Promoting Research Relevance: A Natural Language Processing-based Model for Identifying SDG-aligned Scholarly Publications
Sustainable Development Goals, Multilabel classification, Deep Learning, Natural Language Processing, Scientometrics.
In 2015, the United Nations established the 17 Sustainable Development Goals (SDGs) to promote environmental stewardship, economic advancement, and social equity. Within this framework, scientific research plays a pivotal role in addressing the challenges encompassed by the SDGs. An exemplary tool, SciVal, facilitates the correlation of scientific outputs with the SDGs through expert analyses. However, in order to mitigate the reliance on specialized expertise and offer a self-reliant solution, this endeavor proposes a natural language processing-based, deep machine learning-powered, multi-target classification model bolstered by interpretability techniques and good practices for the development and analysis of data streams.. The objective is to effectively map academic publications to the SDGs.
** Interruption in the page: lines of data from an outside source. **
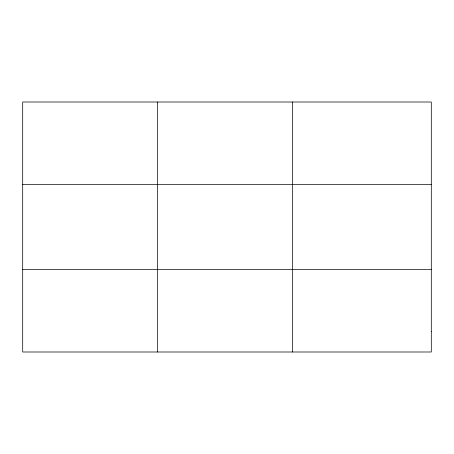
<?xml version="1.0" encoding="UTF-8"?>
<svg xmlns="http://www.w3.org/2000/svg" width="454" height="454" viewBox="0 0 454 454"><rect width="100%" height="100%" fill="white"/><g stroke="black" fill="none" stroke-linecap="round" stroke-linejoin="round"><path stroke-width="0.68" d="M157.538 102.002L157.538 351.998M292.376 102.002L292.376 351.998M22.7 184.5L431.3 184.5M22.7 269.5L431.3 269.5M431.3 331.375L431.3 351.998L22.7 351.998L22.7 102.002L431.3 102.002L431.3 331.375"/></g></svg>
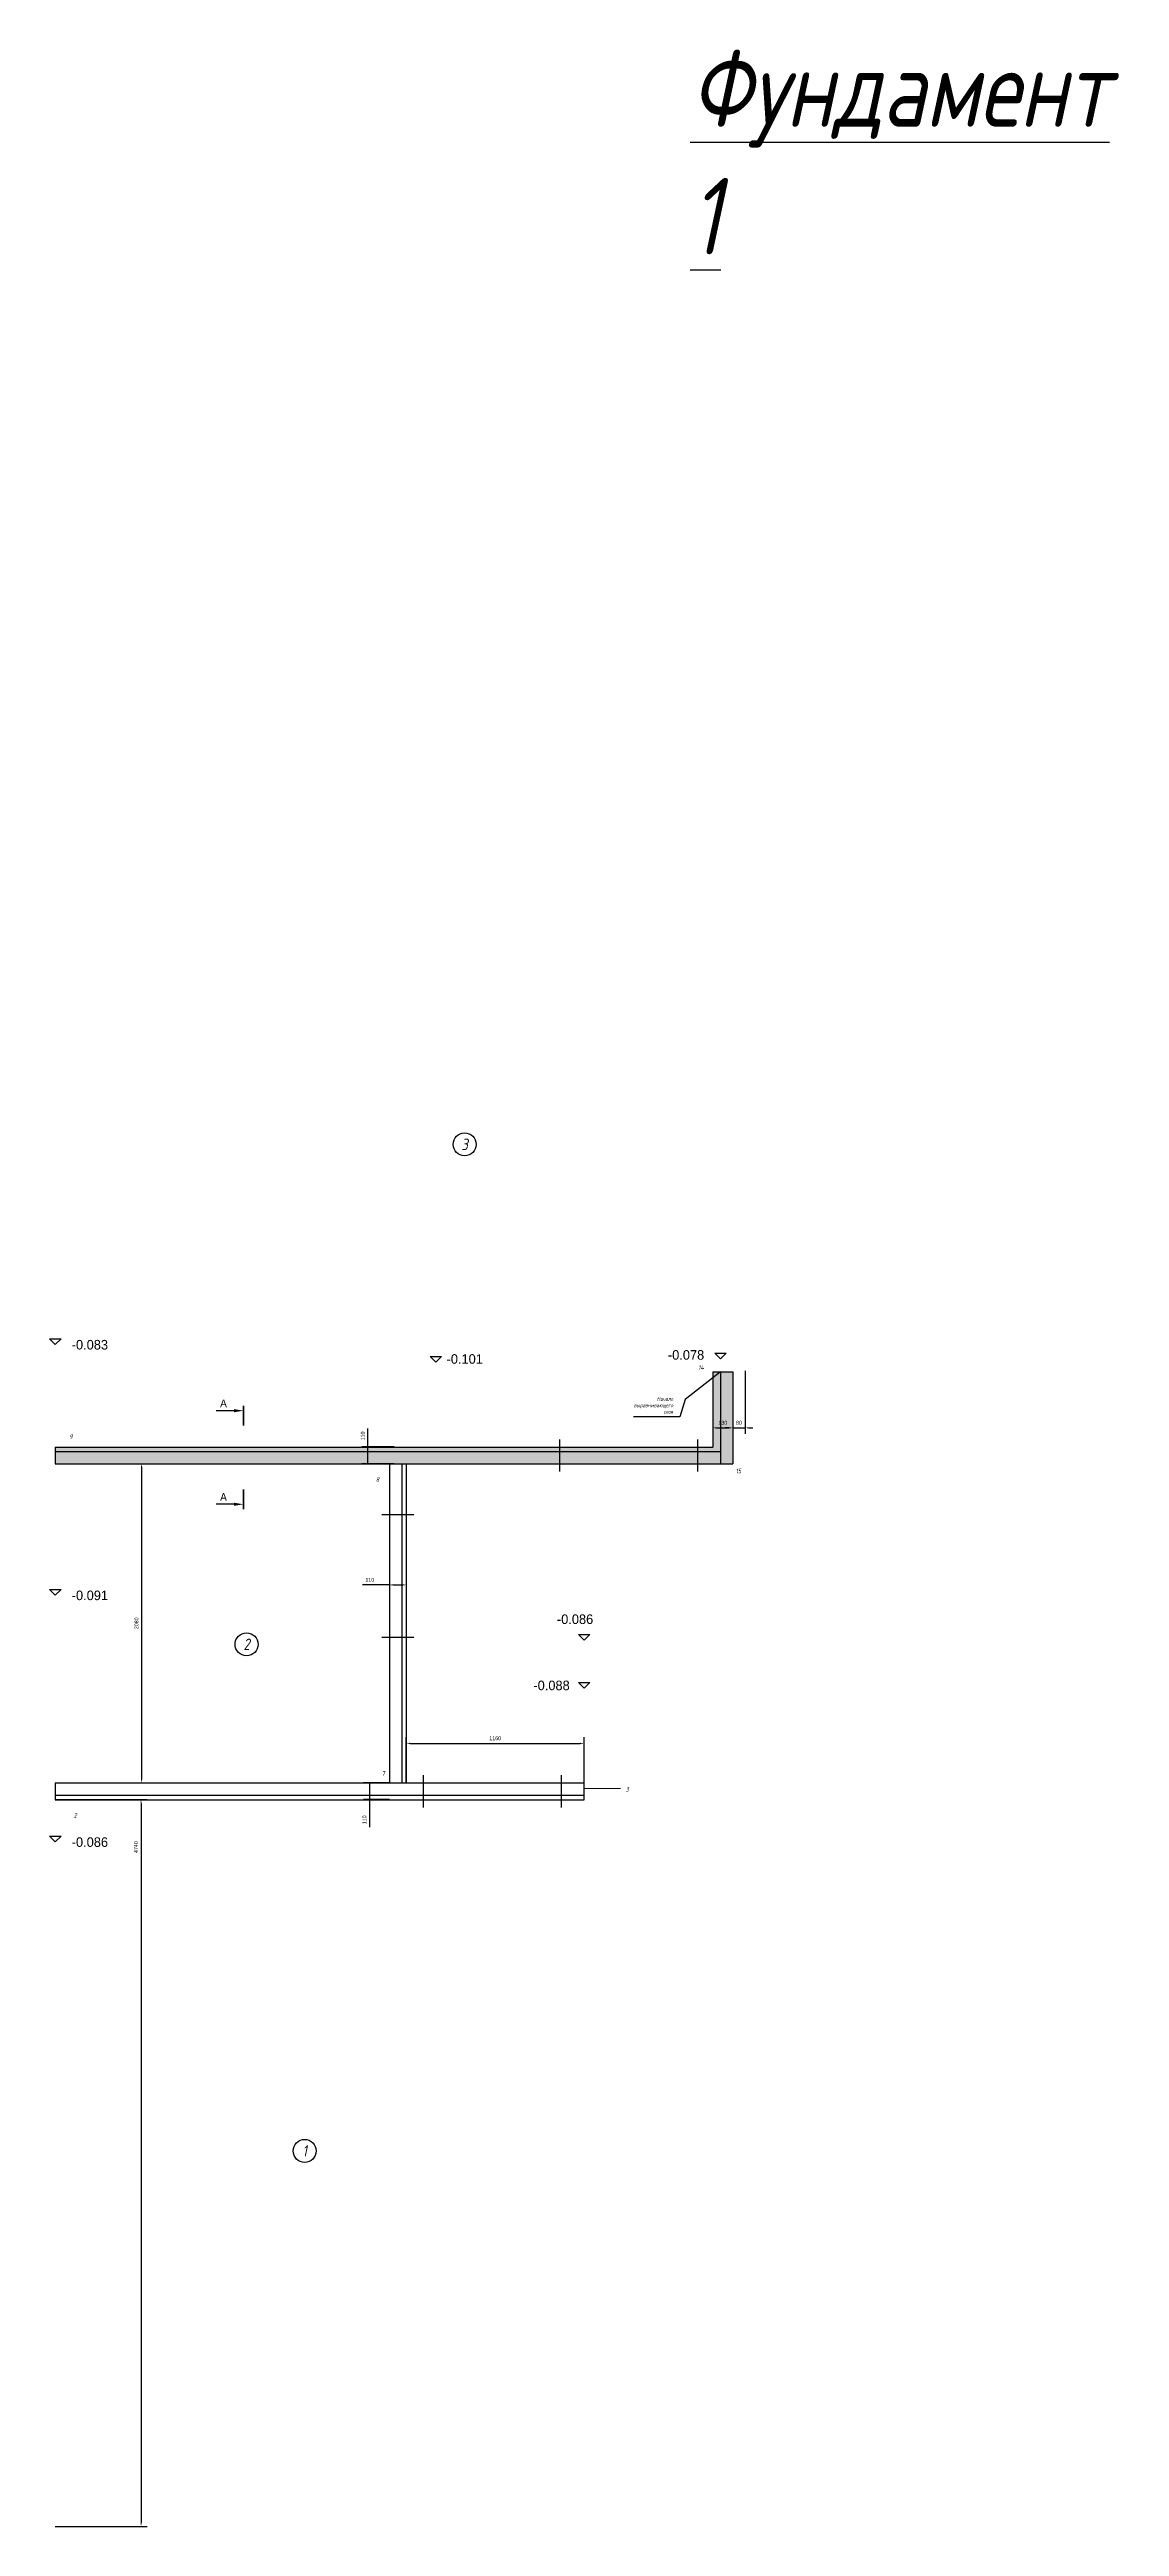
# Model space of a CAD drawing. Header units: millimetres. Extents: x -24443 to 78341, y -69589 to 15487.
# Drawn here: x 31986 to 38965, y -24520 to -8366 of the extents above; entities that cross this region are included whole.
import ezdxf
from ezdxf.enums import TextEntityAlignment as Align

# ---------------------------------------------------------------- set-up
doc = ezdxf.new("R2010")
doc.units = ezdxf.units.MM
for name, color, linetype in [('01 Перегородки', 7, 'Continuous'), ('07 Номера помещений', 7, 'Continuous'), ('08 Размеры', 7, 'Continuous')]:
    doc.layers.add(name, color=color, linetype=linetype)
doc.layers.add('100 noprint', color=1, linetype='Continuous', plot=False)
doc.styles.get("Standard").update_dxf_attribs({"font": 'Ubuntu-R.ttf'})
doc.styles.add('ГОСТ-ISOCPEUR', font='isocpeui.ttf', dxfattribs={"width": 0.8})
doc.dimstyles.new('ISO-25', dxfattribs={"dimtxt": 2.5, "dimasz": 2.5, "dimexe": 1.25, "dimexo": 0.625, "dimtad": 1, "dimtxsty": 'Standard', "dimcen": 2.5, "dimadec": 0, "dimazin": 0, "dimtfac": 1, "dimtmove": 0, "dimatfit": 3, "dimfxl": 1, "dimarcsym": 0})

# ---------------------------------------------------------------- blocks, each defined once
blk = doc.blocks.new('*D255')
at = {"layer": '08 Размеры', "color": 0, "lineweight": -2}
for p, q in [((32023, -19780), (32623, -19780)), ((32583, -19805), (32583, -24495)), ((32023, -24520), (32623, -24520))]:
    blk.add_line(p, q, dxfattribs=at)
at = {"layer": '08 Размеры', "color": 0}
for points in [[(32587, -19805), (32579, -19805), (32583, -19780)], [(32579, -24495), (32587, -24495), (32583, -24520)]]:
    blk.add_solid(points, dxfattribs=at)
at = {"layer": 'Defpoints', "color": 0}
for p in [(32023, -19780), (32023, -24520), (32583, -24520)]:
    blk.add_point(p, dxfattribs=at)
at = {"layer": '08 Размеры', "color": 0, "insert": (32550, -20090), "char_height": 25, "attachment_point": 5, "rotation": 90}
blk.add_mtext('4740', dxfattribs=at)
blk = doc.blocks.new('*D257')
at = {"layer": '08 Размеры', "color": 0, "lineweight": -2}
for p, q in [((32093, -17590), (32626, -17590)), ((32586, -17615), (32586, -19645)), ((32093, -19670), (32626, -19670))]:
    blk.add_line(p, q, dxfattribs=at)
at = {"layer": '08 Размеры', "color": 0}
for points in [[(32591, -17615), (32582, -17615), (32586, -17590)], [(32582, -19645), (32591, -19645), (32586, -19670)]]:
    blk.add_solid(points, dxfattribs=at)
at = {"layer": 'Defpoints', "color": 0}
for p in [(32093, -17590), (32093, -19670), (32586, -19670)]:
    blk.add_point(p, dxfattribs=at)
at = {"layer": '08 Размеры', "color": 0, "insert": (32553, -18630), "char_height": 25, "attachment_point": 5, "rotation": 90}
blk.add_mtext('2080', dxfattribs=at)
blk = doc.blocks.new('*D258')
at = {"layer": '08 Размеры', "color": 0, "lineweight": -2}
for p, q in [((36313, -17258), (36313, -17395)), ((36443, -17258), (36443, -17395)), ((36338, -17355), (36418, -17355))]:
    blk.add_line(p, q, dxfattribs=at)
at = {"layer": '08 Размеры', "color": 0}
for points in [[(36338, -17351), (36338, -17360), (36313, -17355)], [(36418, -17360), (36418, -17351), (36443, -17355)]]:
    blk.add_solid(points, dxfattribs=at)
at = {"layer": 'Defpoints', "color": 0}
for p in [(36313, -17258), (36443, -17258), (36443, -17355)]:
    blk.add_point(p, dxfattribs=at)
at = {"layer": '08 Размеры', "color": 0, "insert": (36378, -17322), "char_height": 25, "attachment_point": 5}
blk.add_mtext('130', dxfattribs=at)
blk = doc.blocks.new('*D259')
at = {"layer": '08 Размеры', "color": 0, "lineweight": -2}
for p, q in [((34313, -19670), (34313, -19373)), ((35473, -19670), (35473, -19373)), ((34338, -19413), (35448, -19413))]:
    blk.add_line(p, q, dxfattribs=at)
at = {"layer": '08 Размеры', "color": 0}
for points in [[(34338, -19409), (34338, -19417), (34313, -19413)], [(35448, -19417), (35448, -19409), (35473, -19413)]]:
    blk.add_solid(points, dxfattribs=at)
at = {"layer": 'Defpoints', "color": 0}
for p in [(35473, -19413), (34313, -19670), (35473, -19670)]:
    blk.add_point(p, dxfattribs=at)
at = {"layer": '08 Размеры', "color": 0, "insert": (34893, -19380), "char_height": 25, "attachment_point": 5}
blk.add_mtext('1160', dxfattribs=at)
blk = doc.blocks.new('*D260')
at = {"layer": '08 Размеры', "color": 0, "lineweight": -2}
for p, q in [((34062, -17590), (34062, -17360)), ((34233, -17480), (34022, -17480)), ((34233, -17590), (34022, -17590)), ((34062, -17565), (34062, -17505))]:
    blk.add_line(p, q, dxfattribs=at)
at = {"layer": '08 Размеры', "color": 0}
for points in [[(34066, -17505), (34058, -17505), (34062, -17480)], [(34058, -17565), (34066, -17565), (34062, -17590)]]:
    blk.add_solid(points, dxfattribs=at)
at = {"layer": 'Defpoints', "color": 0}
for p in [(34062, -17480), (34233, -17480), (34233, -17590)]:
    blk.add_point(p, dxfattribs=at)
at = {"layer": '08 Размеры', "color": 0, "insert": (34029, -17408), "char_height": 25, "attachment_point": 5, "rotation": 90}
blk.add_mtext('110', dxfattribs=at)
blk = doc.blocks.new('*D261')
at = {"layer": '08 Размеры', "color": 0, "lineweight": -2}
for p, q in [((34203, -18380), (34027, -18380)), ((34203, -18320), (34203, -18420)), ((34228, -18380), (34288, -18380)), ((34313, -18320), (34313, -18420))]:
    blk.add_line(p, q, dxfattribs=at)
at = {"layer": '08 Размеры', "color": 0}
for points in [[(34228, -18375), (34228, -18384), (34203, -18380)], [(34288, -18384), (34288, -18375), (34313, -18380)]]:
    blk.add_solid(points, dxfattribs=at)
at = {"layer": 'Defpoints', "color": 0}
for p in [(34203, -18320), (34313, -18320), (34313, -18380)]:
    blk.add_point(p, dxfattribs=at)
at = {"layer": '08 Размеры', "color": 0, "insert": (34075, -18347), "char_height": 25, "attachment_point": 5}
blk.add_mtext('110', dxfattribs=at)
blk = doc.blocks.new('*D262')
at = {"layer": '08 Размеры', "color": 0, "lineweight": -2}
for p, q in [((34203, -19670), (34033, -19670)), ((34073, -19670), (34073, -19960)), ((34073, -19695), (34073, -19755)), ((34203, -19780), (34033, -19780))]:
    blk.add_line(p, q, dxfattribs=at)
at = {"layer": '08 Размеры', "color": 0}
for points in [[(34077, -19695), (34069, -19695), (34073, -19670)], [(34069, -19755), (34077, -19755), (34073, -19780)]]:
    blk.add_solid(points, dxfattribs=at)
at = {"layer": 'Defpoints', "color": 0}
for p in [(34203, -19670), (34073, -19780), (34203, -19780)]:
    blk.add_point(p, dxfattribs=at)
at = {"layer": '08 Размеры', "color": 0, "insert": (34040, -19912), "char_height": 25, "attachment_point": 5, "rotation": 90}
blk.add_mtext('110', dxfattribs=at)
blk = doc.blocks.new('*D293')
at = {"layer": '08 Размеры', "color": 0, "lineweight": -2}
for p, q in [((36443, -16990), (36443, -17395)), ((36523, -16984), (36523, -17395)), ((36418, -17355), (36393, -17355)), ((36443, -17355), (36523, -17355)), ((36548, -17355), (36573, -17355))]:
    blk.add_line(p, q, dxfattribs=at)
at = {"layer": '08 Размеры', "color": 0}
for points in [[(36418, -17360), (36418, -17351), (36443, -17355)], [(36548, -17351), (36548, -17360), (36523, -17355)]]:
    blk.add_solid(points, dxfattribs=at)
at = {"layer": 'Defpoints', "color": 0}
for p in [(36443, -16990), (36523, -16984), (36523, -17355)]:
    blk.add_point(p, dxfattribs=at)
at = {"layer": '08 Размеры', "color": 0, "insert": (36483, -17322), "char_height": 25, "attachment_point": 5}
blk.add_mtext('80', dxfattribs=at)

msp = doc.modelspace()

# ---------------------------------------------------------------- hatches: boundary and pattern name
at = {"layer": '01 Перегородки'}
h = msp.add_hatch(dxfattribs=at)
h.set_pattern_fill('AR-SAND', color=256, style=0)
h.paths.add_polyline_path([(32023.295, -17480.498), (32023.295, -17590.498), (36443.295, -17590.498), (36443.295, -16990.498), (36313.295, -16990.498), (36313.295, -17480.498)])
h = msp.add_hatch(dxfattribs=at)
h.set_pattern_fill('AR-SAND', color=256, style=0)
edge = h.paths.add_edge_path()
edge.add_line((34313.295, -17590.498), (34313.295, -19670.498))
edge = h.paths.add_edge_path()
edge.add_line((34203.295, -17590.498), (34203.295, -19670.498))
h = msp.add_hatch(dxfattribs=at)
h.set_pattern_fill('AR-SAND', color=256, style=0)
edge = h.paths.add_edge_path()
edge.add_line((32023.295, -19670.498), (35473.295, -19670.498))
edge = h.paths.add_edge_path()
edge.add_line((32023.295, -19780.498), (35473.295, -19780.498))

# ---------------------------------------------------------------- linework, layer by layer
for p, q in [((33188.274, -17243.618), (33073.177, -17243.618)), ((33188.274, -17853.879), (33073.177, -17853.879))]:
    msp.add_line(p, q)
at = {"lineweight": 100}
for p, q in [((33250.774, -17339.124), (33250.774, -17212.164)), ((33250.774, -17758.373), (33250.774, -17885.333))]:
    msp.add_line(p, q, dxfattribs=at)
for points in [[(33188.274, -17233.201), (33250.774, -17243.618), (33188.274, -17254.035)], [(33188.274, -17864.296), (33250.774, -17853.879), (33188.274, -17843.462)]]:
    msp.add_solid(points)
at = {"layer": '01 Перегородки'}
for p, q in [((36313.295, -16990.498), (36313.295, -17480.498)), ((36313.295, -16990.498), (36443.295, -16990.498)), ((36443.295, -16990.498), (36443.295, -17590.498)), ((35313.295, -17430.498), (35313.295, -17640.498)), ((36213.295, -17430.498), (36213.295, -17640.498)), ((32023.295, -17480.498), (36313.295, -17480.498)), ((32023.295, -17480.498), (32023.295, -17590.498)), ((32023.295, -17590.498), (36443.295, -17590.498)), ((34203.295, -17590.498), (34203.295, -19670.498)), ((34313.295, -17590.498), (34313.295, -19670.498)), ((34153.295, -17920.498), (34363.295, -17920.498)), ((34153.295, -18720.498), (34363.295, -18720.498)), ((32023.295, -19670.498), (35473.295, -19670.498)), ((32023.295, -19670.498), (32023.295, -19780.498)), ((34423.295, -19620.498), (34423.295, -19830.498)), ((35323.295, -19620.498), (35323.295, -19830.498)), ((35473.295, -19780.498), (35473.295, -19670.498)), ((35710.865, -19707.402), (35473.295, -19710.498)), ((32023.295, -19780.498), (35473.295, -19780.498))]:
    msp.add_line(p, q, dxfattribs=at)
at = {"layer": '01 Перегородки', "color": 4}
for p, q in [((36363.295, -16990.498), (36443.295, -16990.498)), ((36363.295, -16990.498), (36363.295, -17590.498)), ((36443.295, -16990.498), (36443.295, -17590.498)), ((32023.295, -17510.498), (36363.295, -17510.498)), ((32023.295, -17510.498), (32023.295, -17590.498)), ((32023.295, -17590.498), (36443.295, -17590.498)), ((34203.295, -17590.498), (34203.295, -19670.498)), ((34283.295, -17590.498), (34283.295, -19670.498)), ((32023.295, -19670.498), (35473.295, -19670.498)), ((32023.295, -19670.498), (32023.295, -19750.498)), ((32023.295, -19750.498), (35473.295, -19750.498))]:
    msp.add_line(p, q, dxfattribs=at)
at = {"layer": '07 Номера помещений'}
for centre in [(34693.557, -15506.601), (33271.092, -18767.304), (33650.133, -22071.049)]:
    msp.add_circle(centre, 75, dxfattribs=at)
at = {"layer": '08 Размеры', "color": 1}
for points in [[(31985.795, -16774.59), (32060.795, -16774.59), (32023.295, -16812.09)], [(34467.811, -16890.18), (34542.811, -16890.18), (34505.311, -16927.68)], [(36325.795, -16867.58), (36400.795, -16867.58), (36363.295, -16905.08)], [(31985.795, -18409.257), (32060.795, -18409.257), (32023.295, -18446.757)], [(35435.795, -18702.998), (35510.795, -18702.998), (35473.295, -18740.498)], [(35435.795, -19015.397), (35510.795, -19015.397), (35473.295, -19052.897)], [(31985.795, -20018.413), (32060.795, -20018.413), (32023.295, -20055.913)]]:
    msp.add_lwpolyline(points, close=True, dxfattribs=at)

# ---------------------------------------------------------------- texts
at = {"linetype": 'Continuous'}
for p in [(33098.436, -17220.906), (33098.436, -17831.096)]:
    msp.add_text('А', height=50, dxfattribs=at).set_placement(p)
at = {"insert": (36053.293, -17112.553), "char_height": 25, "width": 100, "attachment_point": 3, "style": 'ГОСТ-ISOCPEUR'}
msp.add_mtext('{\\PНачало\\Pвыравнивающего слоя}', dxfattribs=at)
at = {"layer": '01 Перегородки', "style": 'ГОСТ-ISOCPEUR', "width": 0.8}
for s, p in [('14', (36235.989, -16962.012)), ('9', (32125.989, -17412.012)), ('8', (34125.989, -17692.012)), ('15', (36480.125, -17636.148)), ('7', (34163.272, -19609.295)), ('3', (35754.688, -19712.329)), ('2', (32153.843, -19882.137))]:
    msp.add_text(s, height=30, dxfattribs=at).set_placement(p, align=Align.MIDDLE)
at = {"layer": '07 Номера помещений', "style": 'ГОСТ-ISOCPEUR', "width": 0.8}
for s, p in [('3', (34693.557, -15506.601)), ('2', (33271.092, -18767.304)), ('1', (33650.133, -22071.049))]:
    msp.add_text(s, height=75, dxfattribs=at).set_placement(p, align=Align.MIDDLE)
at = {"layer": '08 Размеры', "color": 1}
for s, p in [('-0.083', (32130.521, -16844.506)), ('-0.101', (34575.769, -16937.357)), ('-0.078', (36019.587, -16911.05)), ('-0.091', (32130.521, -18479.174)), ('-0.086', (35295.547, -18634.63)), ('-0.088', (35142.172, -19066.5)), ('-0.086', (32130.521, -20088.329))]:
    msp.add_text(s, height=62.5, dxfattribs=at).set_placement(p)
at = {"layer": '100 noprint', "color": 2, "insert": (36165.658, -8369.437), "char_height": 500, "width": 2987.2707, "attachment_point": 1, "style": 'ГОСТ-ISOCPEUR'}
msp.add_mtext('{\\LФундамент 1}', dxfattribs=at)

# ---------------------------------------------------------------- dimensions: what is measured, and where the dimension line sits
at = {"layer": '08 Размеры'}
for base, p1, p2, picture, middle in [((36523.295, -17355.497), (36443.295, -16990.498), (36523.295, -16984.376), '*D293', (36483.295, -17322.438)), ((36443.295, -17355.497), (36313.295, -17257.7), (36443.295, -17257.7), '*D258', (36378.295, -17322.438)), ((35473.295, -19412.678), (34313.295, -19670.498), (35473.295, -19670.498), '*D259', (34893.295, -19379.619))]:
    dim = msp.add_linear_dim(base=base, p1=p1, p2=p2, dimstyle='ISO-25', override={"dimtxt": 25, "dimasz": 25, "dimexe": 40, "dimexo": 0, "dimgap": 20}, dxfattribs=at)
    dim.commit()
    dim.dimension.update_dxf_attribs({"geometry": picture, "text_midpoint": middle})
for base, p1, p2, picture, middle in [((34061.905, -17480.498), (34233.295, -17590.498), (34233.295, -17480.498), '*D260', (34061.905, -17407.558)), ((32586.367, -19670.498), (32093.295, -17590.498), (32093.295, -19670.498), '*D257', (32586.367, -18630.498)), ((34072.782, -19780.498), (34203.295, -19670.498), (34203.295, -19780.498), '*D262', (34072.782, -19911.911)), ((32582.689, -24520.498), (32023.295, -19780.498), (32023.295, -24520.498), '*D255', (32582.689, -20089.711))]:
    dim = msp.add_linear_dim(base=base, p1=p1, p2=p2, angle=90, dimstyle='ISO-25', override={"dimtxt": 25, "dimasz": 25, "dimexe": 40, "dimexo": 0, "dimgap": 20}, dxfattribs=at)
    dim.commit()
    dim.dimension.update_dxf_attribs({"geometry": picture, "text_midpoint": middle, "dimtype": 160})
dim = msp.add_linear_dim(base=(34313.295, -18379.663), p1=(34203.295, -18320.498), p2=(34313.295, -18320.498), dimstyle='ISO-25', override={"dimtxt": 25, "dimasz": 25, "dimexe": 40, "dimexo": 0, "dimgap": 20}, dxfattribs=at)
dim.commit()
dim.dimension.update_dxf_attribs({"geometry": '*D261', "text_midpoint": (34075.407, -18379.663), "dimtype": 160})

# ---------------------------------------------------------------- leaders
at = {"annotation_type": 0, "has_hookline": 1, "hookline_direction": 1, "text_width": 259.077}
msp.add_leader([(36363.295, -16990.498), (36132.288, -17169.743), (36098.293, -17283.803), (36073.293, -17283.803)], dimstyle='ISO-25', override={"dimtxt": 25, "dimasz": 25, "dimexe": 40, "dimexo": 0, "dimgap": 20}, dxfattribs=at)

doc.saveas('drawing.dxf')

By employing this proposed model, the vast potential of scholarly research can be harnessed, directly aligning it with the global agenda for sustainable development. Researchers, policymakers, and organizations can adeptly navigate the extensive landscape of research papers and identify those that harmonize with their specific areas of interest within the SDG framework. Over one million scientific publications were utilized to train and evaluate the model. The corpus encompassed publication titles extracted from the Scopus database, accessed via the SciVal tool, and annotated with respect to 16 of the 17 SDGs. To substantiate the efficacy of the proposed model, it was applied to associate publications from the Brazilian Automation Congress (CBA 2020) with the SDGs, thereby measuring the contribution of scientific endeavors in automation towards the attainment of the SDGs. The outcomes within the context of CBA 2020 revealed prevalent themes affiliated with SDGs 7 and 9, relating to clean energy and industrial innovation, respectively. Given the extensive training data and the comprehensive range of SDGs addressed, the model can confidently be deployed to correlate academic output from diverse domains with the SDGs.